Shortly after John Bigelow edited and published the lost
manuscript of Benjamin Franklin’s groundbreaking autobiography in 1868, he shipped several copies to Charles Dickens, an old friend.
The men, who met years earlier in London, had recently socialized during one of Dickens’s reading tours in the United States.
The tour had taken a toll on Dickens’s health.
“My foot is so painful and so incommodes me in the action of sitting up, that I can hardly thank you (through the agency of pen, ink, and paper) for your book,” Dickens lamented in a letter to Bigelow in April 1868.
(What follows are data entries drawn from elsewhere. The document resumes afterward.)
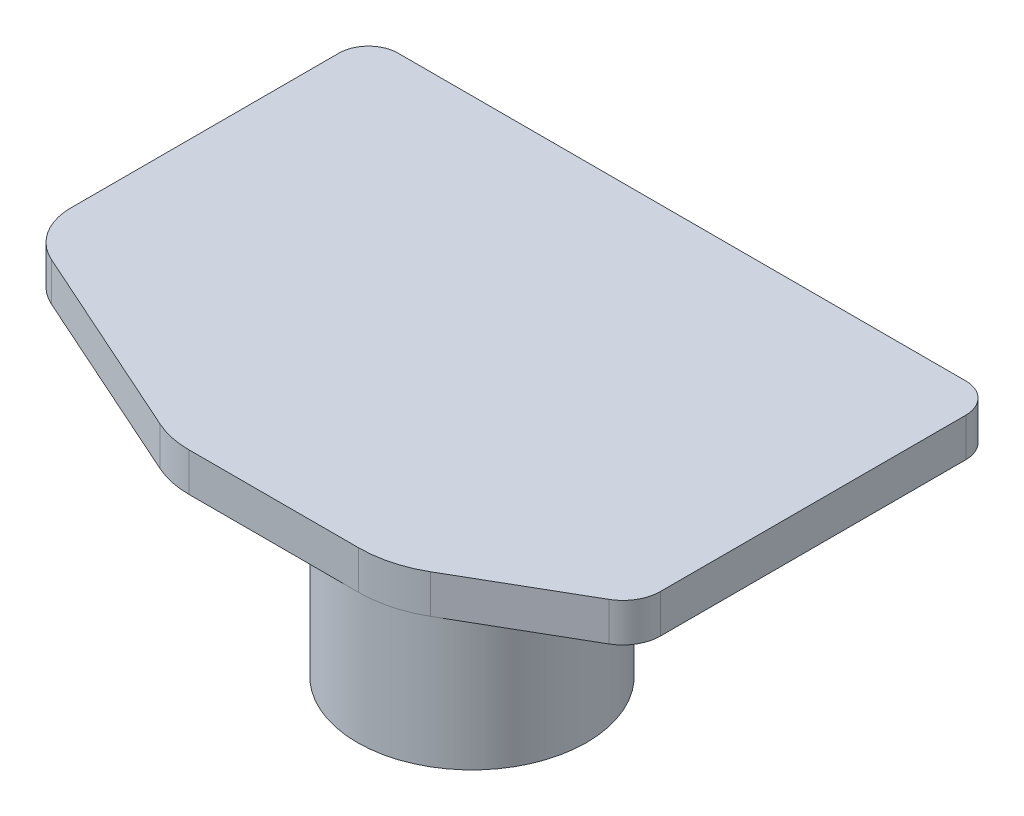
ISO-10303-21;
HEADER;
FILE_DESCRIPTION(('STEP AP214'),'2;1');
FILE_NAME('part.step','',(''),(''),'','','');
FILE_SCHEMA(('AUTOMOTIVE_DESIGN { 1 0 10303 214 1 1 1 1 }'));
ENDSEC;
DATA;
#1=APPLICATION_CONTEXT('core data for automotive mechanical design processes');
#2=APPLICATION_PROTOCOL_DEFINITION('international standard','automotive_design',2000,#1);
#3=PRODUCT_CONTEXT('',#1,'mechanical');
#4=PRODUCT('Part','Part','',(#3));
#5=PRODUCT_RELATED_PRODUCT_CATEGORY('part','',(#4));
#6=PRODUCT_DEFINITION_FORMATION('','',#4);
#7=PRODUCT_DEFINITION_CONTEXT('part definition',#1,'design');
#8=PRODUCT_DEFINITION('design','',#6,#7);
#9=PRODUCT_DEFINITION_SHAPE('','',#8);
#10=(LENGTH_UNIT() NAMED_UNIT(*) SI_UNIT(.MILLI.,.METRE.));
#11=(NAMED_UNIT(*) PLANE_ANGLE_UNIT() SI_UNIT($,.RADIAN.));
#12=(NAMED_UNIT(*) SI_UNIT($,.STERADIAN.) SOLID_ANGLE_UNIT());
#13=UNCERTAINTY_MEASURE_WITH_UNIT(LENGTH_MEASURE(1.E-05),#10,'distance_accuracy_value','');
#14=(GEOMETRIC_REPRESENTATION_CONTEXT(3) GLOBAL_UNCERTAINTY_ASSIGNED_CONTEXT((#13)) GLOBAL_UNIT_ASSIGNED_CONTEXT((#10,
#11,#12)) REPRESENTATION_CONTEXT('',''));
#15=CARTESIAN_POINT('',(0.,0.,0.));
#16=DIRECTION('',(0.,0.,1.));
#17=DIRECTION('',(1.,0.,0.));
#18=AXIS2_PLACEMENT_3D('',#15,#16,#17);
#19=CARTESIAN_POINT('',(125.767437510468,13.,37.5148890524214));
#20=DIRECTION('',(0.,-1.,0.));
#21=DIRECTION('',(0.,0.,-1.));
#22=AXIS2_PLACEMENT_3D('',#19,#20,#21);
#23=CYLINDRICAL_SURFACE('',#22,12.7000000000004);
#24=CARTESIAN_POINT('',(125.767437510468,0.,37.5148890524214));
#25=DIRECTION('',(0.,1.,0.));
#26=DIRECTION('',(0.,0.,1.));
#27=AXIS2_PLACEMENT_3D('',#24,#25,#26);
#28=CIRCLE('',#27,12.7000000000004);
#29=CARTESIAN_POINT('',(132.117437510468,0.,48.5134116804842));
#30=VERTEX_POINT('',#29);
#31=CARTESIAN_POINT('',(138.467437510469,0.,37.5148890524214));
#32=VERTEX_POINT('',#31);
#33=EDGE_CURVE('E158',#30,#32,#28,.T.);
#34=ORIENTED_EDGE('',*,*,#33,.T.);
#35=DIRECTION('',(0.,-1.,0.));
#36=VECTOR('',#35,1.);
#37=CARTESIAN_POINT('',(138.467437510469,13.,37.5148890524214));
#38=LINE('',#37,#36);
#39=CARTESIAN_POINT('',(138.467437510469,13.,37.5148890524214));
#40=VERTEX_POINT('',#39);
#41=EDGE_CURVE('E11',#40,#32,#38,.T.);
#42=ORIENTED_EDGE('',*,*,#41,.F.);
#43=CARTESIAN_POINT('',(125.767437510468,13.,37.5148890524214));
#44=DIRECTION('',(0.,1.,0.));
#45=DIRECTION('',(0.,0.,1.));
#46=AXIS2_PLACEMENT_3D('',#43,#44,#45);
#47=CIRCLE('',#46,12.7000000000004);
#48=CARTESIAN_POINT('',(132.117437510468,13.,48.5134116804842));
#49=VERTEX_POINT('',#48);
#50=EDGE_CURVE('E183',#49,#40,#47,.T.);
#51=ORIENTED_EDGE('',*,*,#50,.F.);
#52=DIRECTION('',(0.,-1.,0.));
#53=VECTOR('',#52,1.);
#54=CARTESIAN_POINT('',(132.117437510468,13.,48.5134116804842));
#55=LINE('',#54,#53);
#56=EDGE_CURVE('E154',#49,#30,#55,.T.);
#57=ORIENTED_EDGE('',*,*,#56,.T.);
#58=EDGE_LOOP('',(#34,#42,#51,#57));
#59=FACE_BOUND('',#58,.T.);
#60=ADVANCED_FACE('F32',(#59),#23,.T.);
#61=CARTESIAN_POINT('',(138.467437510469,13.,-65.1851109475786));
#62=DIRECTION('',(-1.,0.,0.));
#63=DIRECTION('',(0.,0.,1.));
#64=AXIS2_PLACEMENT_3D('',#61,#62,#63);
#65=PLANE('',#64);
#66=DIRECTION('',(0.,0.,-1.));
#67=VECTOR('',#66,1.);
#68=CARTESIAN_POINT('',(138.467437510469,0.,-65.1851109475786));
#69=LINE('',#68,#67);
#70=CARTESIAN_POINT('',(138.467437510469,0.,-65.1851109475786));
#71=VERTEX_POINT('',#70);
#72=EDGE_CURVE('E161',#32,#71,#69,.T.);
#73=ORIENTED_EDGE('',*,*,#72,.T.);
#74=DIRECTION('',(0.,-1.,0.));
#75=VECTOR('',#74,1.);
#76=CARTESIAN_POINT('',(138.467437510469,13.,-65.1851109475786));
#77=LINE('',#76,#75);
#78=CARTESIAN_POINT('',(138.467437510469,13.,-65.1851109475786));
#79=VERTEX_POINT('',#78);
#80=EDGE_CURVE('E39',#79,#71,#77,.T.);
#81=ORIENTED_EDGE('',*,*,#80,.F.);
#82=DIRECTION('',(0.,0.,-1.));
#83=VECTOR('',#82,1.);
#84=CARTESIAN_POINT('',(138.467437510469,13.,-65.1851109475786));
#85=LINE('',#84,#83);
#86=EDGE_CURVE('E104',#40,#79,#85,.T.);
#87=ORIENTED_EDGE('',*,*,#86,.F.);
#88=ORIENTED_EDGE('',*,*,#41,.T.);
#89=EDGE_LOOP('',(#73,#81,#87,#88));
#90=FACE_BOUND('',#89,.T.);
#91=ADVANCED_FACE('F256',(#90),#65,.F.);
#92=CARTESIAN_POINT('',(128.467437510469,13.,-65.1851109475786));
#93=DIRECTION('',(0.,-1.,0.));
#94=DIRECTION('',(0.,0.,-1.));
#95=AXIS2_PLACEMENT_3D('',#92,#93,#94);
#96=CYLINDRICAL_SURFACE('',#95,10.);
#97=CARTESIAN_POINT('',(128.467437510469,0.,-65.1851109475786));
#98=DIRECTION('',(0.,1.,0.));
#99=DIRECTION('',(0.,0.,1.));
#100=AXIS2_PLACEMENT_3D('',#97,#98,#99);
#101=CIRCLE('',#100,10.);
#102=CARTESIAN_POINT('',(128.467437510469,0.,-75.1851109475786));
#103=VERTEX_POINT('',#102);
#104=EDGE_CURVE('E164',#71,#103,#101,.T.);
#105=ORIENTED_EDGE('',*,*,#104,.T.);
#106=DIRECTION('',(0.,-1.,0.));
#107=VECTOR('',#106,1.);
#108=CARTESIAN_POINT('',(128.467437510469,13.,-75.1851109475786));
#109=LINE('',#108,#107);
#110=CARTESIAN_POINT('',(128.467437510469,13.,-75.1851109475786));
#111=VERTEX_POINT('',#110);
#112=EDGE_CURVE('E202',#111,#103,#109,.T.);
#113=ORIENTED_EDGE('',*,*,#112,.F.);
#114=CARTESIAN_POINT('',(128.467437510469,13.,-65.1851109475786));
#115=DIRECTION('',(0.,1.,0.));
#116=DIRECTION('',(0.,0.,1.));
#117=AXIS2_PLACEMENT_3D('',#114,#115,#116);
#118=CIRCLE('',#117,10.);
#119=EDGE_CURVE('E210',#79,#111,#118,.T.);
#120=ORIENTED_EDGE('',*,*,#119,.F.);
#121=ORIENTED_EDGE('',*,*,#80,.T.);
#122=EDGE_LOOP('',(#105,#113,#120,#121));
#123=FACE_BOUND('',#122,.T.);
#124=ADVANCED_FACE('F208',(#123),#96,.T.);
#125=CARTESIAN_POINT('',(-62.5325624895314,13.,-75.1851109475786));
#126=DIRECTION('',(0.,0.,1.));
#127=DIRECTION('',(1.,0.,0.));
#128=AXIS2_PLACEMENT_3D('',#125,#126,#127);
#129=PLANE('',#128);
#130=DIRECTION('',(-1.,0.,0.));
#131=VECTOR('',#130,1.);
#132=CARTESIAN_POINT('',(-62.5325624895314,0.,-75.1851109475786));
#133=LINE('',#132,#131);
#134=CARTESIAN_POINT('',(-62.5325624895314,0.,-75.1851109475786));
#135=VERTEX_POINT('',#134);
#136=EDGE_CURVE('E166',#103,#135,#133,.T.);
#137=ORIENTED_EDGE('',*,*,#136,.T.);
#138=DIRECTION('',(0.,-1.,0.));
#139=VECTOR('',#138,1.);
#140=CARTESIAN_POINT('',(-62.5325624895314,13.,-75.1851109475786));
#141=LINE('',#140,#139);
#142=CARTESIAN_POINT('',(-62.5325624895314,13.,-75.1851109475786));
#143=VERTEX_POINT('',#142);
#144=EDGE_CURVE('E199',#143,#135,#141,.T.);
#145=ORIENTED_EDGE('',*,*,#144,.F.);
#146=DIRECTION('',(-1.,0.,0.));
#147=VECTOR('',#146,1.);
#148=CARTESIAN_POINT('',(-62.5325624895314,13.,-75.1851109475786));
#149=LINE('',#148,#147);
#150=EDGE_CURVE('E228',#111,#143,#149,.T.);
#151=ORIENTED_EDGE('',*,*,#150,.F.);
#152=ORIENTED_EDGE('',*,*,#112,.T.);
#153=EDGE_LOOP('',(#137,#145,#151,#152));
#154=FACE_BOUND('',#153,.T.);
#155=ADVANCED_FACE('F219',(#154),#129,.F.);
#156=CARTESIAN_POINT('',(-62.5325624895314,13.,-65.1851109475786));
#157=DIRECTION('',(0.,-1.,0.));
#158=DIRECTION('',(0.,0.,-1.));
#159=AXIS2_PLACEMENT_3D('',#156,#157,#158);
#160=CYLINDRICAL_SURFACE('',#159,10.);
#161=CARTESIAN_POINT('',(-62.5325624895314,0.,-65.1851109475786));
#162=DIRECTION('',(0.,1.,0.));
#163=DIRECTION('',(0.,0.,-1.));
#164=AXIS2_PLACEMENT_3D('',#161,#162,#163);
#165=CIRCLE('',#164,10.);
#166=CARTESIAN_POINT('',(-72.5325624895314,0.,-65.1851109475786));
#167=VERTEX_POINT('',#166);
#168=EDGE_CURVE('E168',#135,#167,#165,.T.);
#169=ORIENTED_EDGE('',*,*,#168,.T.);
#170=DIRECTION('',(0.,-1.,0.));
#171=VECTOR('',#170,1.);
#172=CARTESIAN_POINT('',(-72.5325624895314,13.,-65.1851109475786));
#173=LINE('',#172,#171);
#174=CARTESIAN_POINT('',(-72.5325624895314,13.,-65.1851109475786));
#175=VERTEX_POINT('',#174);
#176=EDGE_CURVE('E196',#175,#167,#173,.T.);
#177=ORIENTED_EDGE('',*,*,#176,.F.);
#178=CARTESIAN_POINT('',(-62.5325624895314,13.,-65.1851109475786));
#179=DIRECTION('',(0.,1.,0.));
#180=DIRECTION('',(0.,0.,-1.));
#181=AXIS2_PLACEMENT_3D('',#178,#179,#180);
#182=CIRCLE('',#181,10.);
#183=EDGE_CURVE('E225',#143,#175,#182,.T.);
#184=ORIENTED_EDGE('',*,*,#183,.F.);
#185=ORIENTED_EDGE('',*,*,#144,.T.);
#186=EDGE_LOOP('',(#169,#177,#184,#185));
#187=FACE_BOUND('',#186,.T.);
#188=ADVANCED_FACE('F223',(#187),#160,.T.);
#189=CARTESIAN_POINT('',(-72.5325624895314,13.,-65.1851109475786));
#190=DIRECTION('',(1.,0.,0.));
#191=DIRECTION('',(0.,0.,-1.));
#192=AXIS2_PLACEMENT_3D('',#189,#190,#191);
#193=PLANE('',#192);
#194=DIRECTION('',(0.,0.,1.));
#195=VECTOR('',#194,1.);
#196=CARTESIAN_POINT('',(-72.5325624895314,0.,-65.1851109475786));
#197=LINE('',#196,#195);
#198=CARTESIAN_POINT('',(-72.5325624895314,0.,25.0665051444108));
#199=VERTEX_POINT('',#198);
#200=EDGE_CURVE('E170',#167,#199,#197,.T.);
#201=ORIENTED_EDGE('',*,*,#200,.T.);
#202=DIRECTION('',(0.,-1.,0.));
#203=VECTOR('',#202,1.);
#204=CARTESIAN_POINT('',(-72.5325624895314,13.,25.0665051444108));
#205=LINE('',#204,#203);
#206=CARTESIAN_POINT('',(-72.5325624895314,13.,25.0665051444108));
#207=VERTEX_POINT('',#206);
#208=EDGE_CURVE('E193',#207,#199,#205,.T.);
#209=ORIENTED_EDGE('',*,*,#208,.F.);
#210=DIRECTION('',(0.,0.,1.));
#211=VECTOR('',#210,1.);
#212=CARTESIAN_POINT('',(-72.5325624895314,13.,-65.1851109475786));
#213=LINE('',#212,#211);
#214=EDGE_CURVE('E227',#175,#207,#213,.T.);
#215=ORIENTED_EDGE('',*,*,#214,.F.);
#216=ORIENTED_EDGE('',*,*,#176,.T.);
#217=EDGE_LOOP('',(#201,#209,#215,#216));
#218=FACE_BOUND('',#217,.T.);
#219=ADVANCED_FACE('F268',(#218),#193,.F.);
#220=CARTESIAN_POINT('',(-52.5325624895314,13.,25.0665051444108));
#221=DIRECTION('',(0.,-1.,0.));
#222=DIRECTION('',(0.,0.,-1.));
#223=AXIS2_PLACEMENT_3D('',#220,#221,#222);
#224=CYLINDRICAL_SURFACE('',#223,20.);
#225=CARTESIAN_POINT('',(-52.5325624895314,0.,25.0665051444108));
#226=DIRECTION('',(0.,1.,0.));
#227=DIRECTION('',(0.,0.,-1.));
#228=AXIS2_PLACEMENT_3D('',#225,#226,#227);
#229=CIRCLE('',#228,20.);
#230=CARTESIAN_POINT('',(-60.7070209473384,0.,43.3196755244184));
#231=VERTEX_POINT('',#230);
#232=EDGE_CURVE('E172',#199,#231,#229,.T.);
#233=ORIENTED_EDGE('',*,*,#232,.T.);
#234=DIRECTION('',(0.,-1.,0.));
#235=VECTOR('',#234,1.);
#236=CARTESIAN_POINT('',(-60.7070209473384,13.,43.3196755244184));
#237=LINE('',#236,#235);
#238=CARTESIAN_POINT('',(-60.7070209473384,13.,43.3196755244184));
#239=VERTEX_POINT('',#238);
#240=EDGE_CURVE('E190',#239,#231,#237,.T.);
#241=ORIENTED_EDGE('',*,*,#240,.F.);
#242=CARTESIAN_POINT('',(-52.5325624895314,13.,25.0665051444108));
#243=DIRECTION('',(0.,1.,0.));
#244=DIRECTION('',(0.,0.,-1.));
#245=AXIS2_PLACEMENT_3D('',#242,#243,#244);
#246=CIRCLE('',#245,20.);
#247=EDGE_CURVE('E230',#207,#239,#246,.T.);
#248=ORIENTED_EDGE('',*,*,#247,.F.);
#249=ORIENTED_EDGE('',*,*,#208,.T.);
#250=EDGE_LOOP('',(#233,#241,#248,#249));
#251=FACE_BOUND('',#250,.T.);
#252=ADVANCED_FACE('F271',(#251),#224,.T.);
#253=CARTESIAN_POINT('',(-60.7070209473384,13.,43.3196755244184));
#254=DIRECTION('',(0.408722922890351,0.,-0.91265851900038));
#255=DIRECTION('',(-0.912658519000381,0.,-0.408722922890352));
#256=AXIS2_PLACEMENT_3D('',#253,#254,#255);
#257=PLANE('',#256);
#258=DIRECTION('',(0.91265851900038,0.,0.408722922890351));
#259=VECTOR('',#258,1.);
#260=CARTESIAN_POINT('',(-60.7070209473384,0.,43.3196755244184));
#261=LINE('',#260,#259);
#262=CARTESIAN_POINT('',(5.555749823758,0.,72.9946446224329));
#263=VERTEX_POINT('',#262);
#264=EDGE_CURVE('E174',#231,#263,#261,.T.);
#265=ORIENTED_EDGE('',*,*,#264,.T.);
#266=DIRECTION('',(0.,-1.,0.));
#267=VECTOR('',#266,1.);
#268=CARTESIAN_POINT('',(5.555749823758,13.,72.9946446224329));
#269=LINE('',#268,#267);
#270=CARTESIAN_POINT('',(5.555749823758,13.,72.9946446224329));
#271=VERTEX_POINT('',#270);
#272=EDGE_CURVE('E187',#271,#263,#269,.T.);
#273=ORIENTED_EDGE('',*,*,#272,.F.);
#274=DIRECTION('',(0.91265851900038,0.,0.408722922890351));
#275=VECTOR('',#274,1.);
#276=CARTESIAN_POINT('',(-60.7070209473384,13.,43.3196755244184));
#277=LINE('',#276,#275);
#278=EDGE_CURVE('E236',#239,#271,#277,.T.);
#279=ORIENTED_EDGE('',*,*,#278,.F.);
#280=ORIENTED_EDGE('',*,*,#240,.T.);
#281=EDGE_LOOP('',(#265,#273,#279,#280));
#282=FACE_BOUND('',#281,.T.);
#283=ADVANCED_FACE('F242',(#282),#257,.F.);
#284=CARTESIAN_POINT('',(17.8174375104681,13.,45.6148890524214));
#285=DIRECTION('',(0.,-1.,0.));
#286=DIRECTION('',(0.,0.,-1.));
#287=AXIS2_PLACEMENT_3D('',#284,#285,#286);
#288=CYLINDRICAL_SURFACE('',#287,29.9999999999999);
#289=CARTESIAN_POINT('',(17.8174375104681,0.,45.6148890524214));
#290=DIRECTION('',(0.,1.,0.));
#291=DIRECTION('',(0.,0.,-1.));
#292=AXIS2_PLACEMENT_3D('',#289,#290,#291);
#293=CIRCLE('',#292,29.9999999999999);
#294=CARTESIAN_POINT('',(17.8174375104686,0.,75.6148890524213));
#295=VERTEX_POINT('',#294);
#296=EDGE_CURVE('E176',#263,#295,#293,.T.);
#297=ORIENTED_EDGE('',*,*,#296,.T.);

A copy of the Dickens letter is among more than 20,000 in the John Bigelow Correspondence File that fills nine cabinets in Schaffer Library’s Special Collections. For the first time, the letters to and from such heavyweights as Theodore Roosevelt, Andrew Carnegie and Mark Twain are now searchable through a digital index.
That should thrill scholars, historians and fans of Bigelow, Class of 1835 and one of the most distinguished figures of the 19th and early 20th century. Managing editor and co-owner of the New York Evening Post until 1861, Bigelow also served as consul-general and later as minister to France under President Abraham Lincoln.
“This is a potentially rich source of material for all disciplines,” said Annette LeClair, head of technical services at Schaffer.
LeClair and a team that included library staff members and students spent nearly two years painstakingly transferring notes from thousands of index cards which have served as guideposts to the letters and documents since they were gifted to the College 50 years ago on behalf of the Bigelow family.
The database was designed by David Fuller, Systems Librarian, and other material for the project website was put together by the library’s Digital Services staff including Librarian Gail Golderman, Specialist Jennifer Carr and Assistant Matthew Connolly.
Creating the index wasn’t an easy task. Many of the letters contained only a first or last name, or simply an initial. Some lacked dates. Staff who compiled the original typed index cards were forced to make educated guesses about pertinent information related to the letters. The digital index tries to stay true to that guesswork.
“We wanted to respect the work that had been done in the past,” LeClair said.
The index is part of an ongoing project to draw attention to Bigelow on the centennial of his death on Dec. 19, 1911, at the age of 94. Called Remembered First Citizen in a nod to Margaret Clapp’s 1947 Pulitzer Prize-winning biography of Bigelow, Forgotten First Citizen, the project also included an exhibit in Schaffer Library.